Mataram(KabarBerita)— Pemerintah Kota Mataram menyatakan komitmen penuh dalam menjalankan program digitalisasi bantuan sosial (bansos) setelah ditetapkan sebagai salah satu daerah pilot project nasional. Wali Kota Mataram Mohan Roliskana menegaskan, program ini akan dijalankan secara serius karena memiliki manfaat besar, tidak hanya untuk penyaluran bantuan, tetapi juga sebagai fondasi penataan data pembangunan secara menyeluruh.
Menurut Mohan, digitalisasi bansos menjadi instrumen penting untuk memastikan bantuan pemerintah benar-benar tepat sasaran. Penataan data penerima manfaat dinilai krusial, mengingat data sosial bersifat dinamis dan terus berubah.
“Program ini bukan sekadar untuk penyaluran bansos. Data yang tertata dengan baik sangat dibutuhkan untuk pelaksanaan berbagai program pemerintah lainnya,” tegasnya.
Mohan mengaku optimistis Kota Mataram mampu melaksanakan program ini dengan baik. Faktor geografis yang relatif dekat antarwilayah serta tingkat literasi masyarakat terhadap teknologi informasi menjadi modal penting dalam percepatan implementasi.
Namun demikian, ia menekankan bahwa keberhasilan program tetap sangat bergantung pada kesiapan sistem dan kekuatan pendampingan di lapangan. “Masyarakat kita sudah cukup familiar dengan teknologi, tinggal sistemnya yang harus kuat dan pendampingannya yang konsisten,” ujarnya.
Lebih lanjut, Mohan menjelaskan bahwa digitalisasi bansos bertujuan memastikan seluruh program bantuan pemerintah tetap akurat di tengah perubahan kondisi sosial masyarakat. Mulai dari kelahiran, kematian, hingga perubahan status ekonomi warga menjadi variabel yang harus terus diperbarui secara berkala.

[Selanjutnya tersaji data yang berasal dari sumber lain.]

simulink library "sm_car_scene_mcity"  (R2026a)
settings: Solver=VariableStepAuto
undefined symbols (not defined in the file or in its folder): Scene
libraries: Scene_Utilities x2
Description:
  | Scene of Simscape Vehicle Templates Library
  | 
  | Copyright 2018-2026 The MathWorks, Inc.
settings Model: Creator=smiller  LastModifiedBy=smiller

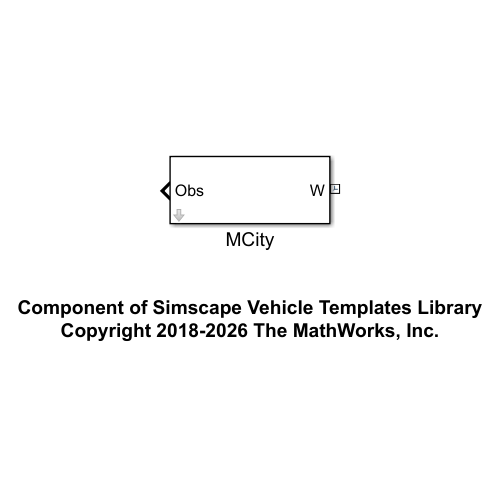
[thumbnail: Simulink's stored preview of the top-level diagram]
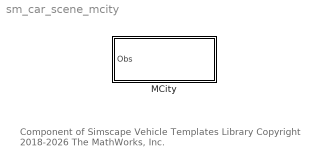
== system sm_car_scene_mcity ==
  note: Component of Simscape Vehicle Templates Library
      | Copyright 2018-2026 The MathWorks, Inc.
  MCity : Subsystem  mask{geometry=Scene.Pikes_Peak.Geometry}
      mask prompts: geometry "Geometry (structure)"

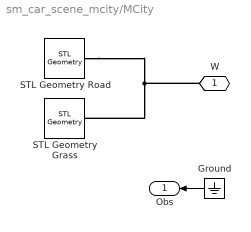
== system sm_car_scene_mcity/MCity ==
  Ground : Ground
  STL Geometry Grass : Scene_Utilities/STL Geometry  stl_file=geometry.grass.filename  stl_units=geometry.grass.fileunits  stl_clr=geometry.grass.clr  stl_opc=geometry.grass.opc  stl_x=geometry.grass.x  stl_y=geometry.grass.y  stl_z=geometry.grass.z  stl_yaw=geometry.grass.yaw  stl_pitch=geometry.grass.pitch  stl_roll=geometry.grass.roll
  STL Geometry Road : Scene_Utilities/STL Geometry  stl_file=geometry.filename  stl_units=geometry.fileunits  stl_clr=geometry.clr  stl_opc=geometry.opc  stl_x=geometry.x  stl_y=geometry.y  stl_z=geometry.z  stl_yaw=geometry.yaw  stl_pitch=geometry.pitch  stl_roll=geometry.roll
  W : PMIOPort  Side=Left
  Obs : Outport  VectorParamsAs1DForOutWhenUnconnected=off
  wires:
  Ground/1 -> Obs/1
  connections:
  STL Geometry Road/RConn1 -- STL Geometry Grass/RConn1 -- W/RConn1
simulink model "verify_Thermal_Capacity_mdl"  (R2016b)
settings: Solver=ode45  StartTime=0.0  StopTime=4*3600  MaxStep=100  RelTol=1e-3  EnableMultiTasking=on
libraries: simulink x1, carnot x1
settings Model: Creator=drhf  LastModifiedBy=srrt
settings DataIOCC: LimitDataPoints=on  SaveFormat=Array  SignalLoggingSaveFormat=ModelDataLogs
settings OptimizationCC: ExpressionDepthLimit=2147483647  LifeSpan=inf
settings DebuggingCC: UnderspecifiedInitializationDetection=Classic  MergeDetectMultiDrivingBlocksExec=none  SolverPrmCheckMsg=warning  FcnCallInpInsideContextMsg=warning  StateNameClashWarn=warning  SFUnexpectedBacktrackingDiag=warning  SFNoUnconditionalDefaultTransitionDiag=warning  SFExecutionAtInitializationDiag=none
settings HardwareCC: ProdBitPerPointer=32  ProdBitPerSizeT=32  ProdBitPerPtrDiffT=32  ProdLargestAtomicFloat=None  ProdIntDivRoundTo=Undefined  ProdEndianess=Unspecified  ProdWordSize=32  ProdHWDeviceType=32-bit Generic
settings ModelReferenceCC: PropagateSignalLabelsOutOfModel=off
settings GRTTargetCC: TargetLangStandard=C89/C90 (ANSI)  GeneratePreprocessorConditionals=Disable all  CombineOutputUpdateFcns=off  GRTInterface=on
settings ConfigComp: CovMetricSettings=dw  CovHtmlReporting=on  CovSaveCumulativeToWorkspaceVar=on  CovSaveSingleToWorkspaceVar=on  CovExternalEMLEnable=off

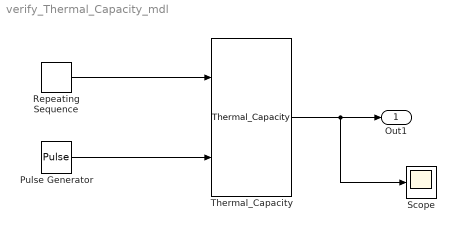
== system verify_Thermal_Capacity_mdl ==
  Pulse Generator : DiscretePulseGenerator  PulseType=Time based  Amplitude=100/3600  Period=2*3600  PulseWidth=50
  Repeating Sequence : simulink/Sources/Repeating Sequence  rep_seq_t=[0 2 2.1 4]*3600  rep_seq_y=[35 35 45 45]
  Scope : Scope
  Thermal_Capacity : carnot/Basic/Thermal_Models/Thermal_Capacity  UA=1  mcp=4182*10  Tamb=20  cp_approx=4000
  Out1 : Outport
  wires:
  Thermal_Capacity/1 -> Scope/1, Out1/1
  Pulse Generator/1 -> Thermal_Capacity/2
  Repeating Sequence/1 -> Thermal_Capacity/1
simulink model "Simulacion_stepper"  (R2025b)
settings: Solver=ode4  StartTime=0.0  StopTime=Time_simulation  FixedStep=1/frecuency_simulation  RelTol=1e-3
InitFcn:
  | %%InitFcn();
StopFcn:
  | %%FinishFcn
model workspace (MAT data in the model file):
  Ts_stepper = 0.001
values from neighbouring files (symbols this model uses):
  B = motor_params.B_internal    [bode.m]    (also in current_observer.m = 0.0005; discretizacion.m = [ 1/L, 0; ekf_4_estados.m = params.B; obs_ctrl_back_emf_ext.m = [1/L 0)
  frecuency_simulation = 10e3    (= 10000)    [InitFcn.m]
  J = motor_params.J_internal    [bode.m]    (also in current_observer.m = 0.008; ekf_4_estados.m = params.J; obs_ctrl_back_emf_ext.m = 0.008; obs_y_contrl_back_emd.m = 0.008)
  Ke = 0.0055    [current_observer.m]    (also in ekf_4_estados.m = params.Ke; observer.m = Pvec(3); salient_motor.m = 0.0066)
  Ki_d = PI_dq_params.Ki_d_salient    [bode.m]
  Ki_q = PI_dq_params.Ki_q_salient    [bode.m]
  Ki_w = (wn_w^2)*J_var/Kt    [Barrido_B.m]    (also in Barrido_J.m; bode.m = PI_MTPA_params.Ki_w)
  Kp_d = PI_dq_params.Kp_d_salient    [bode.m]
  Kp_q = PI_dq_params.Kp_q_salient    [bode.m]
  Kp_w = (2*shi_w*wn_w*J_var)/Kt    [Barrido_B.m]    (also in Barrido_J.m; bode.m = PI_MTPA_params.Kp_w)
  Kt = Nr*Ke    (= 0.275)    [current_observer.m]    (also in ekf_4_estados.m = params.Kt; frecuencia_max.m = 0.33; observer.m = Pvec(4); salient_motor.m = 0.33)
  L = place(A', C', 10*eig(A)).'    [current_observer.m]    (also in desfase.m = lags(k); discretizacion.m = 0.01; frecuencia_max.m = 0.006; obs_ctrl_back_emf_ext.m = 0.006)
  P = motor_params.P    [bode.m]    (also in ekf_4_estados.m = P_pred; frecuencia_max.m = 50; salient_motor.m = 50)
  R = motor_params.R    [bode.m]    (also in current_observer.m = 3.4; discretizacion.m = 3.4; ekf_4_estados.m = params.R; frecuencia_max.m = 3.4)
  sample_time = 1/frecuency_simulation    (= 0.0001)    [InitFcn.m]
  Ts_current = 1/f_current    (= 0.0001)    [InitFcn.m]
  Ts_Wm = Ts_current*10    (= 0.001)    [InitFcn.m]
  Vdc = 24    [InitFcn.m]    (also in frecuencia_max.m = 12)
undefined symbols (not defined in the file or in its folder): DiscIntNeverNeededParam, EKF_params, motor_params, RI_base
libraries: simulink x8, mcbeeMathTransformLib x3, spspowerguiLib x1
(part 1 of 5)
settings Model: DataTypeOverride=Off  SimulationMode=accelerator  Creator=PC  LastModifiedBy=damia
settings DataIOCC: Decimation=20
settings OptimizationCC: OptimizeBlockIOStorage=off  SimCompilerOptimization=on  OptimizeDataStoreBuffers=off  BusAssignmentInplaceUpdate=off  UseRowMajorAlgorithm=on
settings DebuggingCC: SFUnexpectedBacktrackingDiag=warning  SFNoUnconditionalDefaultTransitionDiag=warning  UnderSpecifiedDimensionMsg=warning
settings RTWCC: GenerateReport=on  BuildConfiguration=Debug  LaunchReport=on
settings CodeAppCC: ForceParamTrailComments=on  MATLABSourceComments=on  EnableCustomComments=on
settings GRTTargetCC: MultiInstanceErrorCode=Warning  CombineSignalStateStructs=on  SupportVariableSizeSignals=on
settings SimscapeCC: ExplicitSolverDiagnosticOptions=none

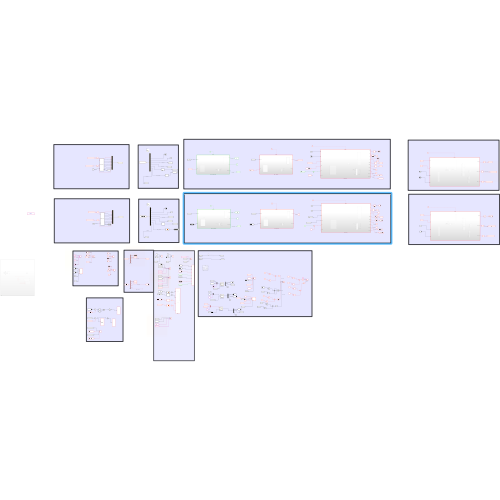
[thumbnail: Simulink's stored preview of the top-level diagram]
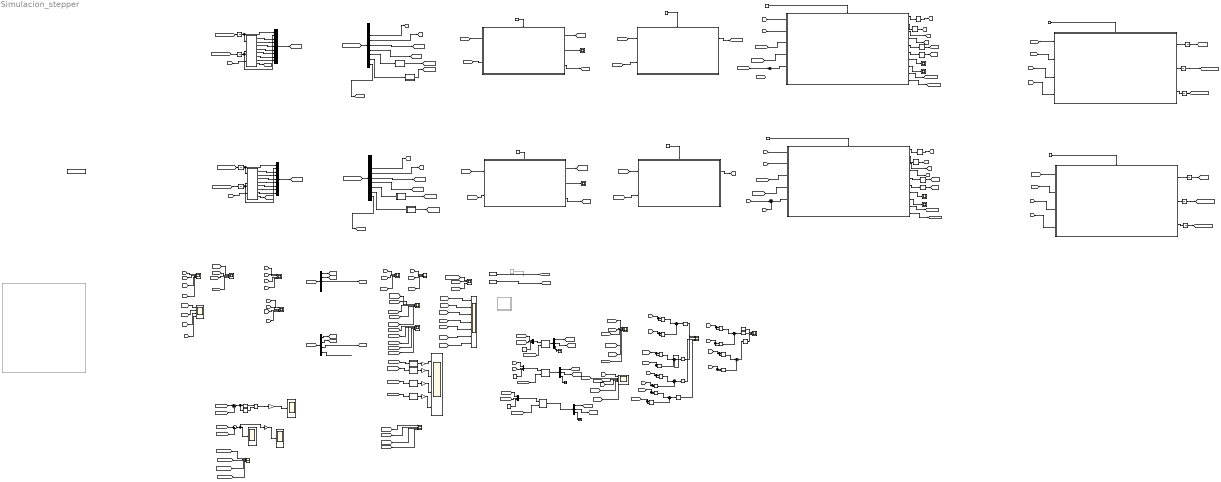
== system Simulacion_stepper ==
  note: Vab
      | Iab,
      | Te(N*m),
      | We(rad/s),
      | Theta_e(rad)
  note: Vab
      | Iab,
      | Te(N*m),
      | We(rad/s),
      | Theta_e(rad)
  Atan1 : Trigonometry  Operator=atan2
  Clarke to Park Angle Transform : mcbeeMathTransformLib/Clarke to Park Angle Transform  AxisAlignment=D-axis  UseWithEmbedded=off  PhaseInput=Two inputs  ThetaInput=Sine and Cosine electrical position  AngleInput=Per-unit  N_points=1024
      settings: LibrarySourceBlock=|
      | ee_sl_lib/Mathematical
      | Transforms/Clarke to Park
      | Angle Transform
  Clarke to Park Angle Transform1 : mcbeeMathTransformLib/Clarke to Park Angle Transform  AxisAlignment=D-axis  UseWithEmbedded=off  PhaseInput=Two inputs  ThetaInput=Sine and Cosine electrical position  AngleInput=Per-unit  N_points=1024
      settings: LibrarySourceBlock=|
      | ee_sl_lib/Mathematical
      | Transforms/Clarke to Park
      | Angle Transform
  Constant1 : Constant  Value=Vdc
  Constant11 : Constant  Value=0  OutDataTypeStr=double
  Constant2 : Constant  Value=0  OutDataTypeStr=double
  Constant6 : Constant  Value=0  OutDataTypeStr=double
  Cos1 : Trigonometry  Operator=cos
  Demux : Demux  Outputs=9
  Demux1 : Demux  Outputs=3
  Demux2 : Demux  Outputs=3
  Demux3 : Demux  Outputs=9
  Demux5 : Demux  Outputs=3
  Function-Call Generator : FunctionCallGenerator  SampleTime=EKF_params.Ts
  Function-Call Generator1 : FunctionCallGenerator  SampleTime=EKF_params.Ts
  Function-Call Generator10 : FunctionCallGenerator  Commented=on  SampleTime=1/1000
  Function-Call Generator13 : FunctionCallGenerator  SampleTime=RI_base.Ts
  Function-Call Generator2 : FunctionCallGenerator  SampleTime=RI_base.Ts
  Function-Call Generator3 : FunctionCallGenerator  SampleTime=Ts_current
  Function-Call Generator4 : FunctionCallGenerator  SampleTime=Ts_current
  Function-Call Generator5 : FunctionCallGenerator  SampleTime=Ts_Wm
  Function-Call Generator6 : FunctionCallGenerator  SampleTime=Ts_Wm
  Gain{1,25..26,28,30} (5 alike) : Gain  Gain=180/pi
  Gain2 : Gain  Gain=motor_params.P
  Iab : Scope  NumInputPorts=4
      settings: ActiveDisplayYMinimum=-2.7580893331915077  ActiveDisplayYMaximum=5.9277803516478356  DataLoggingVariableName=ScopeData8
  Id : Scope  NumInputPorts=6
      settings: ActiveDisplayYMinimum=-0.42609115554446897  ActiveDisplayYMaximum=0.9985187345386608  DataLoggingVariableName=ScopeData2
  Idq : Scope  NumInputPorts=4
      settings: ActiveDisplayYMinimum=-1  ActiveDisplayYMaximum=1  DataLoggingVariableName=ScopeData6
  Imag : Scope  NumInputPorts=4
      settings: ActiveDisplayYMinimum=-0.27016077029893221  ActiveDisplayYMaximum=2.4314469326903905  DataLoggingVariableName=ScopeData2
  Iq : Scope  NumInputPorts=6
      settings: ActiveDisplayYMinimum=-0.66469283994282913  ActiveDisplayYMaximum=2.8527838782953632  DataLoggingVariableName=Iq
  Level-2 MATLAB S-Function : M-S-Function  FunctionName=PMSM_salient  Parameters=motor_params
  Level-2 MATLAB S-Function1 : M-S-Function  FunctionName=PMSM_salient  Parameters=motor_params
  MATLAB Function1 : MATLAB Function  TreatAsAtomicUnit=on
  MATLAB Function10 : MATLAB Function  TreatAsAtomicUnit=on
  MATLAB Function12 : MATLAB Function  TreatAsAtomicUnit=on
  MATLAB Function14 : MATLAB Function  TreatAsAtomicUnit=on
  MATLAB Function3 : MATLAB Function  TreatAsAtomicUnit=on
  MATLAB Function4 : MATLAB Function  TreatAsAtomicUnit=on
  MATLAB Function5 : MATLAB Function  TreatAsAtomicUnit=on
  MATLAB Function9 : MATLAB Function  TreatAsAtomicUnit=on
  Motor 1  Speed PR : Subsystem  TreatAsAtomicUnit=on
  Motor 2  Speed PR : Subsystem  TreatAsAtomicUnit=on
  Motor 2 PI Speed MTPA : Subsystem  TreatAsAtomicUnit=on
  Motor 2 PI Speed MTPA2 : Subsystem  TreatAsAtomicUnit=on
  Motor 2 PI dq : Subsystem  TreatAsAtomicUnit=on
  Motor 2 PI dq1 : Subsystem  TreatAsAtomicUnit=on
  Mux1 : Mux  Inputs=9
  Mux2 : Mux  Inputs=3
  Mux3 : Mux  Inputs=3
  Mux4 : Mux  Inputs=9
  Mux5 : Mux  Inputs=3
  Park to Clarke Angle Transform : mcbeeMathTransformLib/Park to Clarke Angle Transform  AxisAlignment=D-axis  UseWithEmbedded=off  PhaseInput=Two inputs  ThetaInput=Sine and Cosine electrical position  AngleInput=Per-unit  N_points=1024
      settings: LibrarySourceBlock=|
      | ee_sl_lib/Mathematical
      | Transforms/Park to Clarke
      | Angle Transform
  Product{,1..7,14..17} (12 alike) : Product
  Rate Transition{1..8} (8 alike) : RateTransition
  Scope{1,3,7..8,10..11,14..15,18} (9 alike) : Scope
      Scope1 settings: ActiveDisplayYMinimum=-1  ActiveDisplayYMaximum=1  DataLoggingVariableName=ScopeData13
      Scope10 settings: ActiveDisplayYMinimum=-28.272805787309412  ActiveDisplayYMaximum=20.9806919386897  DataLoggingVariableName=ScopeData15
      Scope11 settings: ActiveDisplayYMinimum=-12246.521454579266  ActiveDisplayYMaximum=6009.4483803605362  DataLoggingVariableName=ScopeData18
      Scope14 settings: ActiveDisplayYMinimum=-21.63251363440429  ActiveDisplayYMaximum=12.126898976697245
      Scope15 settings: ActiveDisplayYMinimum=-3.7842974391773385  ActiveDisplayYMaximum=5.2532390639650686
      Scope18 settings: ActiveDisplayYMinimum=-1  ActiveDisplayYMaximum=1  DataLoggingVariableName=ScopeData14
      Scope3 settings: ActiveDisplayYMinimum=-25.99232285218147  ActiveDisplayYMaximum=26.712868682551036  DataLoggingVariableName=ScopeData10
      Scope7 settings: ActiveDisplayYMinimum=-28.272805787309412  ActiveDisplayYMaximum=20.9806919386897  DataLoggingVariableName=ScopeData11
      Scope8 settings: ActiveDisplayYMinimum=-25.99232285218147  ActiveDisplayYMaximum=26.712868682551036  DataLoggingVariableName=ScopeData17
  Scope12 : Scope  NumInputPorts=3
      settings: ActiveDisplayYMinimum=-0.46724306234141394  ActiveDisplayYMaximum=0.44219800668257625  DataLoggingVariableName=ScopeData2
  Scope2 : Scope  NumInputPorts=7
      settings: ActiveDisplayYMinimum=-3.4057486074692189  ActiveDisplayYMaximum=17.21642789399754
  Scope4 : Scope  NumInputPorts=4
      settings: ActiveDisplayYMinimum=-0.031489749327242751  ActiveDisplayYMaximum=0.031489751273901176  DataLoggingVariableName=ScopeData12
  Scope5 : Scope  NumInputPorts=5
      settings: ActiveDisplayYMinimum=-0.11835861027046617  ActiveDisplayYMaximum=0.88581558269388327
  Scope6 : Scope  NumInputPorts=3
      settings: ActiveDisplayYMinimum=-2.72699  ActiveDisplayYMaximum=4.80249
  Scope9 : Scope  NumInputPorts=4
      settings: ActiveDisplayYMinimum=-0.078542596521209512  ActiveDisplayYMaximum=0.051240487920084017  DataLoggingVariableName=ScopeData16
  Sin1 : Trigonometry
  Sqrt{,1..5} (6 alike) : Sqrt
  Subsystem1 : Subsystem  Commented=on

“Data itu tidak pernah statis. Ada yang lahir, ada yang meninggal, ada juga yang meningkat kondisi ekonominya. Semua itu harus dirapikan agar kebijakan tidak salah sasaran,” jelasnya.
Pemerintah Kota Mataram sendiri diberi waktu empat bulan untuk menyiapkan sekaligus merealisasikan program digitalisasi bansos tersebut. Mohan menegaskan, akselerasi akan dilakukan agar target bisa tercapai tepat waktu.
“Kami harus bergerak cepat. Empat bulan ini adalah waktu yang sangat terbatas, tapi kami berupaya memastikan program ini bisa berjalan dengan baik di Kota Mataram,” katanya.
Sebagai langkah awal, Mohan mengaku telah menggelar rapat internal dan meminta agar segera dibentuk tim khusus. Tim ini akan melakukan studi tiru ke Banyuwangi, yang hingga kini dinilai sebagai daerah paling berhasil dalam menerapkan digitalisasi bansos.
“Banyuwangi saat ini dianggap paling sukses. Bahkan Kementerian Sosial dan tim ahli presiden mendorong daerah-daerah untuk belajar ke sana,” ungkap Mohan.
Tim pelaksana digitalisasi bansos di Kota Mataram nantinya tidak hanya melibatkan organisasi perangkat daerah (OPD), tetapi juga unsur eksternal. Salah satunya adalah Badan Pusat Statistik (BPS) yang akan berperan dalam penguatan dan validasi data.
Dengan kolaborasi lintas sektor tersebut, Pemerintah Kota Mataram berharap program digitalisasi bansos dapat menjadi model tata kelola bantuan sosial yang transparan, akurat, dan berkelanjutan.